Among the lines below, which ones contain the word "with"? Copy every such line.

- _AVAILABLE RECORDS_:
----

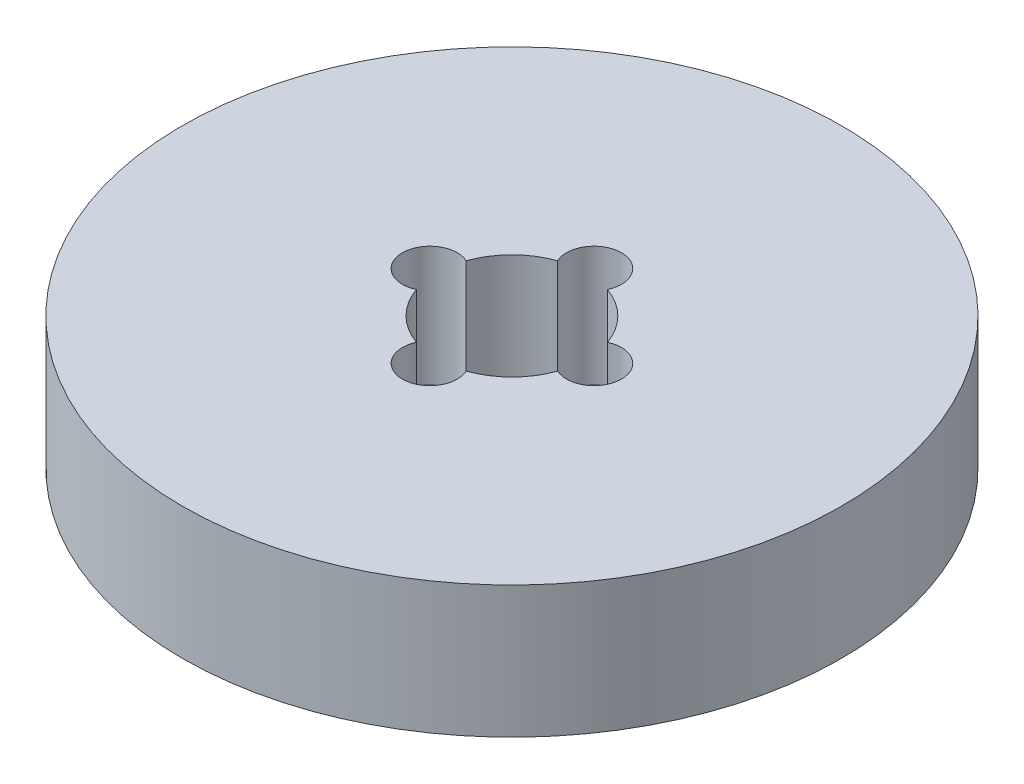
from build123d import *

# Parameters (mm, degrees)
SKETCH1_R           = 55
BOSS_EXTRUDE1_DEPTH = 22
SKETCH2_R           = 12.5
CUT_EXTRUDE1_DEPTH  = 81.833161512
SKETCH3_R           = 4.575686768
CUT_EXTRUDE2_DEPTH  = 20.066068192
CIRPATTERN1_COUNT   = 4


with BuildPart() as part:
    # Sketch1 → Boss-Extrude1 (new body)
    with BuildSketch(Plane(origin=(0, 0, 0), x_dir=(1, 0, 0), z_dir=(0, 1, 0))):
        Circle(SKETCH1_R)
    extrude(amount=BOSS_EXTRUDE1_DEPTH)

    # Sketch2 → Cut-Extrude1 (cut, through all)
    with BuildSketch(Plane(origin=(0, 0, 0), x_dir=(1, 0, 0), z_dir=(0, 1, 0))):
        Circle(SKETCH2_R)
    extrude(amount=CUT_EXTRUDE1_DEPTH, mode=Mode.SUBTRACT)

    # Sketch3 → Cut-Extrude2 (cut)
    with BuildSketch(Plane(origin=(0, 22, 0), x_dir=(1, 0, 0), z_dir=(0, 1, 0))):
        with Locations((-13.697071133, 0)):
            Circle(SKETCH3_R)
    cut_extrude2 = extrude(amount=-CUT_EXTRUDE2_DEPTH, mode=Mode.SUBTRACT)

    # CirPattern1: Cut-Extrude2 ×4 about axis
    cirpattern1_axis = Axis((0, 0, 0), (0, 1, 0))
    for i in range(1, CIRPATTERN1_COUNT):
        add(cut_extrude2.rotate(cirpattern1_axis, i * 360 / CIRPATTERN1_COUNT), mode=Mode.SUBTRACT)


solid = part.part

----

- _OUTPUT FOR THIS TASK_:
with BuildPart() as part:
    with BuildSketch(Plane(origin=(0, 0, 0), x_dir=(1, 0, 0), z_dir=(0, 1, 0))):
    with BuildSketch(Plane(origin=(0, 0, 0), x_dir=(1, 0, 0), z_dir=(0, 1, 0))):
    with BuildSketch(Plane(origin=(0, 22, 0), x_dir=(1, 0, 0), z_dir=(0, 1, 0))):
        with Locations((-13.697071133, 0)):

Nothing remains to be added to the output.